*Requirement*
Copy every line that contains the string "centre" from the entries below.

(Items from a data source)
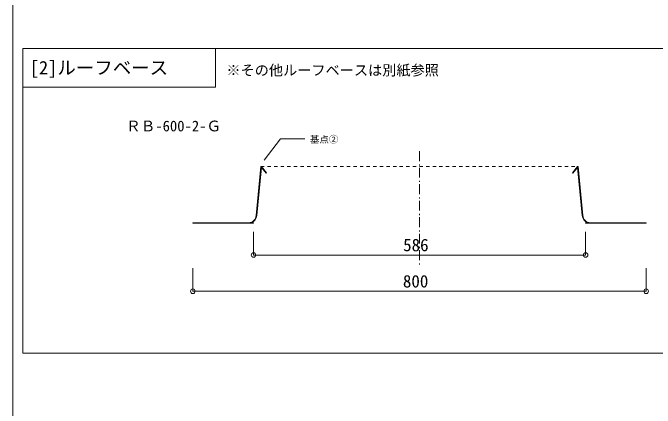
# Model space of a CAD drawing. Units: millimetres, scale not verified. Extents: x 140 to 2970, y -2076 to 1999.
# Drawn here: x 140 to 1274, y -1167 to -469 of the extents above; entities that cross this region are included whole.
import ezdxf
from ezdxf.enums import TextEntityAlignment as Align

# ---------------------------------------------------------------- set-up
doc = ezdxf.new("R2010")
doc.units = ezdxf.units.MM
doc.header["$LTSCALE"] = 7
doc.linetypes.add('USER1', pattern=[1.66656, 0.83312, -0.83344])
doc.linetypes.add('USER4', pattern=[4.16656, 2.5, -0.83312, 0.27772, -0.55572])
for name, color, linetype, lineweight in [('0-0_0', 4, 'Continuous', 18), ('0-4___-1', 4, 'Continuous', 18), ('0-5___', 4, 'Continuous', 18)]:
    doc.layers.add(name, color=color, linetype=linetype, lineweight=lineweight)
doc.styles.add('ＭＳ ゴシック', font='')
doc.styles.get('ＭＳ ゴシック').set_extended_font_data('MS Gothic')

msp = doc.modelspace()

# ---------------------------------------------------------------- linework, layer by layer
at = {"layer": '0-0_0', "color": 7, "lineweight": 15}
for p, q in [((565.112, -896.628), (573.112, -896.628)), ((1151.112, -896.628), (1143.112, -896.628)), ((457.99, -960.669), (465.99, -960.669)), ((1257.99, -960.669), (1249.99, -960.669))]:
    msp.add_line(p, q, dxfattribs=at)
for centre in [(565.112, -896.628), (1151.112, -896.628), (457.99, -960.669), (1257.99, -960.669)]:
    msp.add_circle(centre, 4, dxfattribs=at)
at = {"layer": '0-4___-1'}
for p, q in [((565.112, -855.684), (565.112, -896.808)), ((1151.112, -855.684), (1151.112, -896.808)), ((573.112, -896.628), (1143.112, -896.628)), ((457.99, -919.726), (457.99, -960.849)), ((1257.99, -919.726), (1257.99, -960.849)), ((465.99, -960.669), (1249.99, -960.669))]:
    msp.add_line(p, q, dxfattribs=at)
at = {"layer": '0-5___', "linetype": 'USER4'}
msp.add_line((858.112, -713.197), (858.112, -917.197), dxfattribs=at)
at = {"layer": '0-5___'}
for p, q in [((577.99, -740.51), (569.798, -826.763)), ((578.859, -741.936), (570.793, -826.857)), ((577.99, -740.51), (578.99, -740.51)), ((578.859, -741.936), (587.122, -752.123)), ((578.99, -740.51), (587.899, -751.493)), ((1136.99, -740.51), (1127.952, -751.387)), ((1137.119, -741.919), (1128.721, -752.026)), ((1137.99, -740.51), (1136.99, -740.51)), ((1137.119, -741.919), (1145.186, -826.857)), ((1137.99, -740.51), (1146.182, -826.763)), ((587.899, -751.493), (587.192, -752.2)), ((1127.952, -751.387), (1128.659, -752.094)), ((457.99, -839.51), (564.99, -839.51)), ((457.99, -839.51), (457.99, -840.51)), ((457.99, -840.51), (564.99, -840.51)), ((564.99, -839.51), (564.99, -840.51)), ((1150.99, -839.51), (1257.99, -839.51)), ((1150.99, -839.51), (1150.99, -840.51)), ((1150.99, -840.51), (1257.99, -840.51)), ((1257.99, -839.51), (1257.99, -840.51))]:
    msp.add_line(p, q, dxfattribs=at)
at = {"layer": '0-5___', "linetype": 'USER1'}
msp.add_line((577.99, -740.51), (1137.99, -740.51), dxfattribs=at)
at = {"layer": '0-5___', "color": 3}
msp.add_lwpolyline([(140.268, -2076.212), (140.268, 1998.788), (2970.268, 1998.788), (2970.268, -2076.212)], close=True, dxfattribs=at)
at = {"layer": '0-5___'}
for points in [[(158.112, -532.081), (498.112, -532.081), (498.112, -600.081), (158.112, -600.081)], [(158.112, -532.081), (2948.112, -532.081), (2948.112, -1070.081), (158.112, -1070.081)]]:
    msp.add_lwpolyline(points, close=True, dxfattribs=at)
msp.add_lwpolyline([(583.857, -729.197), (612.621, -691.197), (655.603, -691.197)], dxfattribs=at)
for centre, radius, start, end in [((556.053, -825.729), 13.784, 271.12372, 355.69827), ((556.053, -825.729), 14.784, 291.22294, 355.69827), ((1159.927, -825.729), 14.784, 184.30173, 248.77706), ((1159.927, -825.729), 13.784, 184.30173, 268.87628)]:
    msp.add_arc(centre, radius, start, end, dxfattribs=at)

# ---------------------------------------------------------------- texts
at = {"layer": '0-4___-1', "color": 7, "style": 'ＭＳ ゴシック'}
for s, p in [('586', (829.102, -896.538)), ('800', (828.675, -960.579))]:
    msp.add_text(s, height=21.99, dxfattribs=at).set_placement(p, align=Align.BOTTOM_LEFT)
at = {"layer": '0-5___', "color": 7, "style": 'ＭＳ ゴシック'}
for s, height, p in [('[2]ルーフベース', 23.88, (170.112, -584.867)), ('※その他ルーフベースは別紙参照', 18.33, (517.15, -584.867)), ('ＲＢ-600-2-Ｇ', 18.95, (340.043, -683.872)), ('基点②', 11.94, (664.603, -701.971))]:
    msp.add_text(s, height=height, dxfattribs=at).set_placement(p, align=Align.BOTTOM_LEFT)

doc.saveas('drawing.dxf')

*Answer for this exercise*
for centre in [(565.112, -896.628), (1151.112, -896.628), (457.99, -960.669), (1257.99, -960.669)]:
    msp.add_circle(centre, 4, dxfattribs=at)
for centre, radius, start, end in [((556.053, -825.729), 13.784, 271.12372, 355.69827), ((556.053, -825.729), 14.784, 291.22294, 355.69827), ((1159.927, -825.729), 14.784, 184.30173, 248.77706), ((1159.927, -825.729), 13.784, 184.30173, 268.87628)]:
    msp.add_arc(centre, radius, start, end, dxfattribs=at)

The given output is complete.